%%
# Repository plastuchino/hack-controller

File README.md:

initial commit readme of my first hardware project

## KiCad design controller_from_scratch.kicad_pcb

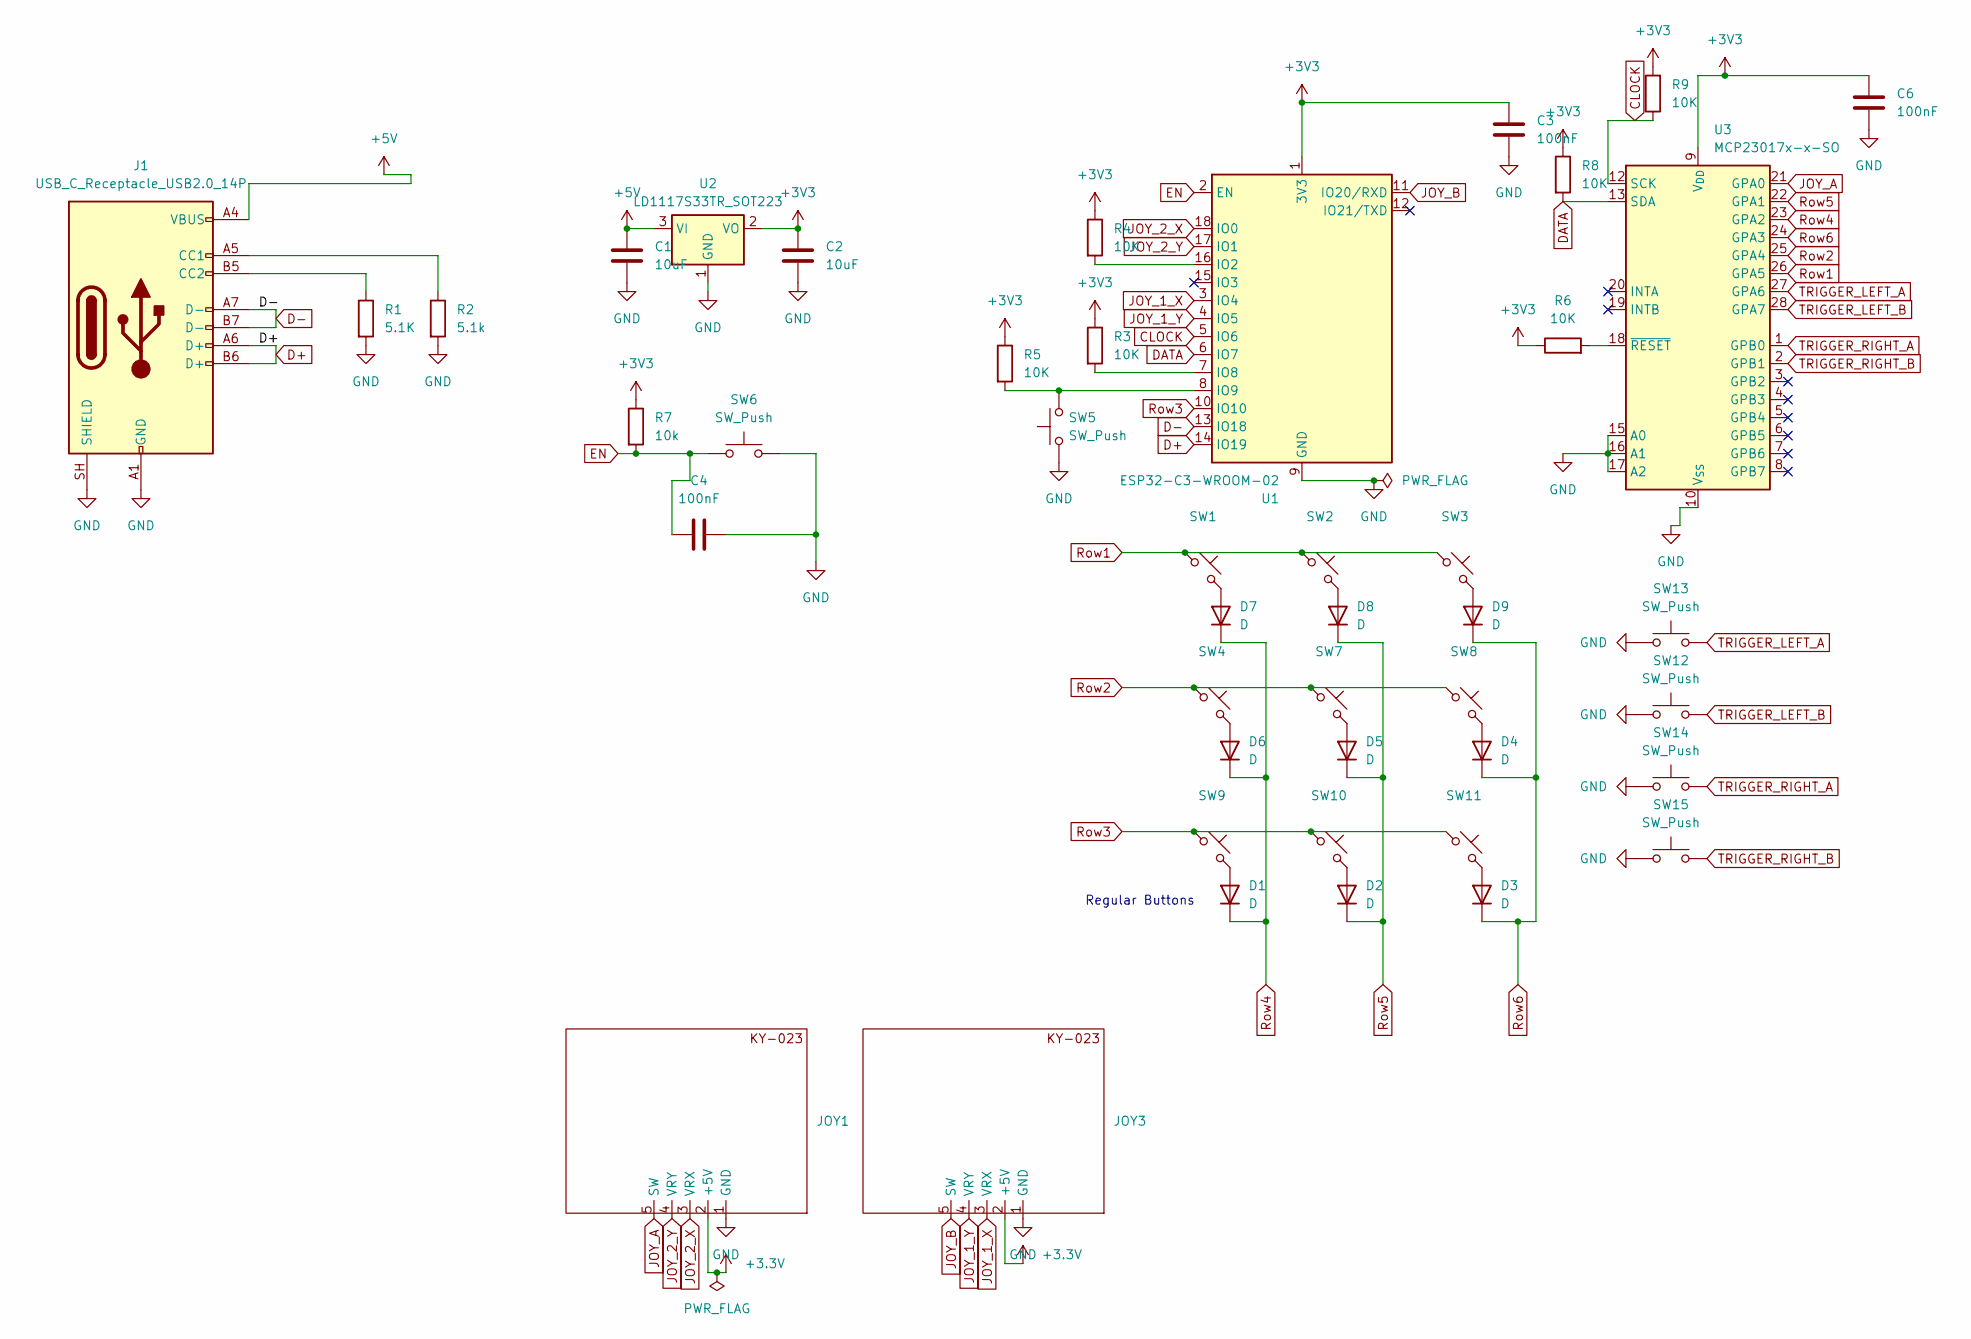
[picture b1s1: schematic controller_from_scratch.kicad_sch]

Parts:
C1, C2: 10uF; C_1206_3216Metric
C3, C4, C6: 100nF; C_1206_3216Metric
D1, D2, D3, D4, D5, D6, D7, D8, D9: D; D_1206_3216Metric_Pad1.42x1.75mm_HandSolder
J1: USB_C_Receptacle_USB2.0_14P; USB_C_Receptacle_HRO_TYPE-C-31-M-12
JOY1, JOY3: PinHeader_1x05_P2.54mm_Vertical
R1: 5.1K; R_1206_3216Metric_Pad1.30x1.75mm_HandSolder
R2: 5.1k; R_1206_3216Metric_Pad1.30x1.75mm_HandSolder
R3, R4, R5, R6, R8, R9: 10K; R_1206_3216Metric_Pad1.30x1.75mm_HandSolder
R7: 10k; R_1206_3216Metric_Pad1.30x1.75mm_HandSolder
SW1, SW2, SW3, SW4, SW7, SW8, SW9, SW10, SW11: SW_Push_45deg; PinHeader_2x01_P2.54mm_Vertical
SW5, SW6, SW12, SW13, SW14, SW15: SW_Push; PinHeader_2x01_P2.54mm_Vertical
U1: ESP32-C3-WROOM-02
U2: LD1117S33TR_SOT223; SOT-223-3_TabPin2
U3: MCP23017x-x-SO; SOIC-28W_7.5x17.9mm_P1.27mm

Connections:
+3.3V: JOY1.2 (+5V), JOY3.2 (+5V)
+3V3: C2.2, C3.2, C6.2, R3.1, R4.1, R5.1, R6.1, R7.1, R8.1, R9.2, U1.1 (3V3), U2.2 (VO), U3.9 (V_{DD})
+5V: C1.1, J1.A4 (VBUS), J1.A9 (VBUS), J1.B4 (VBUS), J1.B9 (VBUS), U2.3 (VI)
CLOCK: R9.1, U1.5 (IO6), U3.12 (SCK)
D+: J1.A6 (D+), J1.B6 (D+), U1.14 (IO19)
D-: J1.A7 (D-), J1.B7 (D-), U1.13 (IO18)
DATA: R8.2, U1.6 (IO7), U3.13 (SDA)
EN: C4.2, R7.2, SW6.1, U1.2 (EN)
GND: C1.2, C2.1, C3.1, C4.1, C6.1, J1.A1 (GND), J1.A12 (GND), J1.B1 (GND), J1.B12 (GND), J1.SH (SHIELD), JOY1.1 (GND), JOY3.1 (GND), R1.2, R2.2, SW5.1, SW6.2, SW12.1, SW13.1, SW14.1, SW15.1, U1.9 (GND), U1.19 (GND), U2.1 (GND), U3.10 (V_{SS}), U3.15 (A0), U3.16 (A1), U3.17 (A2)
JOY_1_X: JOY3.3 (VRX), U1.3 (IO4)
JOY_1_Y: JOY3.4 (VRY), U1.4 (IO5)
JOY_2_X: JOY1.3 (VRX), U1.18 (IO0)
JOY_2_Y: JOY1.4 (VRY), U1.17 (IO1)
JOY_A: JOY1.5 (SW), U3.21 (GPA0)
JOY_B: JOY3.5 (SW), U1.11 (IO20/RXD)
unnamed: D1.2 (A), SW9.2
unnamed: D2.2 (A), SW10.2
unnamed: D3.2 (A), SW11.2
unnamed: D4.2 (A), SW8.2
unnamed: D5.2 (A), SW7.2
unnamed: D6.2 (A), SW4.2
unnamed: D7.2 (A), SW1.2
unnamed: D8.2 (A), SW2.2
unnamed: D9.2 (A), SW3.2
unnamed: J1.A5 (CC1), R2.1
unnamed: J1.B5 (CC2), R1.1
unnamed: R4.2, U1.16 (IO2)
unnamed: R3.2, U1.7 (IO8)
unnamed: R5.2, SW5.2, U1.8 (IO9)
unnamed: R6.2, U3.18 (~RESET)
Row1: SW1.1, SW2.1, SW3.1, U3.26 (GPA5)
Row2: SW4.1, SW7.1, SW8.1, U3.25 (GPA4)
Row3: SW9.1, SW10.1, SW11.1, U1.10 (IO10)
Row4: D1.1 (K), D6.1 (K), D7.1 (K), U3.23 (GPA2)
Row5: D2.1 (K), D5.1 (K), D8.1 (K), U3.22 (GPA1)
Row6: D3.1 (K), D4.1 (K), D9.1 (K), U3.24 (GPA3)
TRIGGER_LEFT_A: SW13.2, U3.27 (GPA6)
TRIGGER_LEFT_B: SW12.2, U3.28 (GPA7)
TRIGGER_RIGHT_A: SW14.2, U3.1 (GPB0)
TRIGGER_RIGHT_B: SW15.2, U3.2 (GPB1)

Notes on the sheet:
Regular Buttons

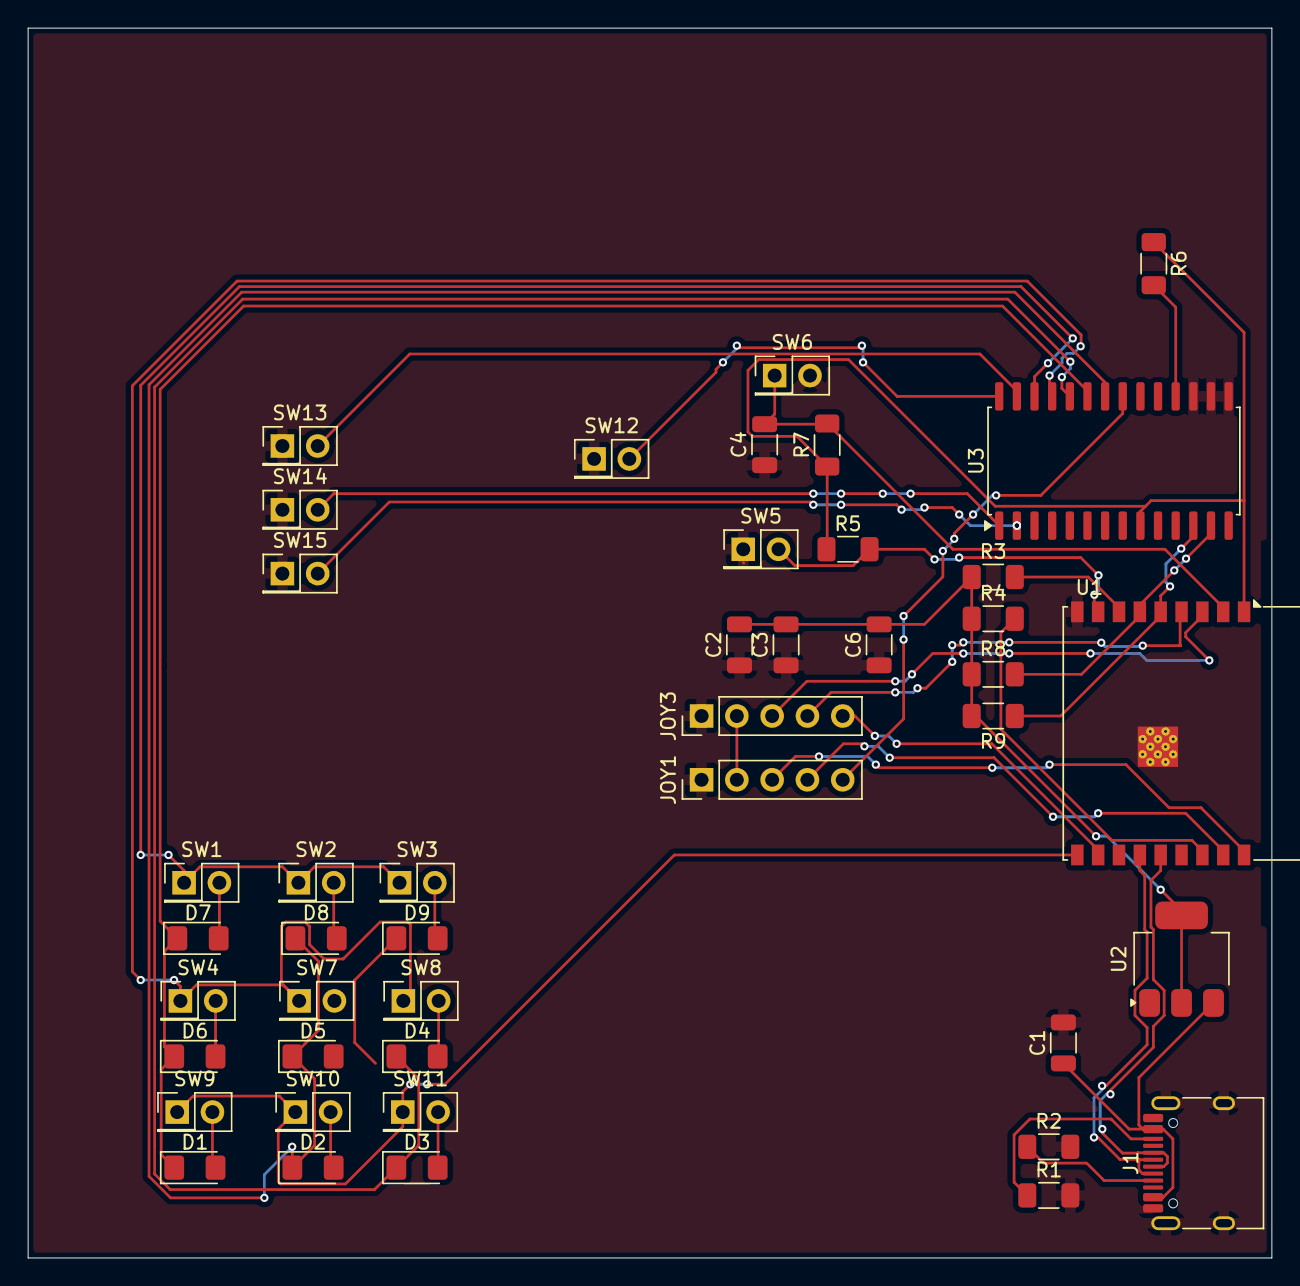
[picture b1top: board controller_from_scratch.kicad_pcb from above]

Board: 2 copper layers, 89.5 x 88.5 mm, 44 parts (0 on the bottom side), 40 nets.
%%
— WORK TO COMPLETE —
Restrict the output to the lines from the one with "Row6: D3.1 (K), D4.1" through the last line of the material above. Print them exactly, leaving out every picture.

— ANSWER SECTION —
Row6: D3.1 (K), D4.1 (K), D9.1 (K), U3.24 (GPA3)
TRIGGER_LEFT_A: SW13.2, U3.27 (GPA6)
TRIGGER_LEFT_B: SW12.2, U3.28 (GPA7)
TRIGGER_RIGHT_A: SW14.2, U3.1 (GPB0)
TRIGGER_RIGHT_B: SW15.2, U3.2 (GPB1)

Notes on the sheet:
Regular Buttons

[picture b1top: board controller_from_scratch.kicad_pcb from above]

Board: 2 copper layers, 89.5 x 88.5 mm, 44 parts (0 on the bottom side), 40 nets.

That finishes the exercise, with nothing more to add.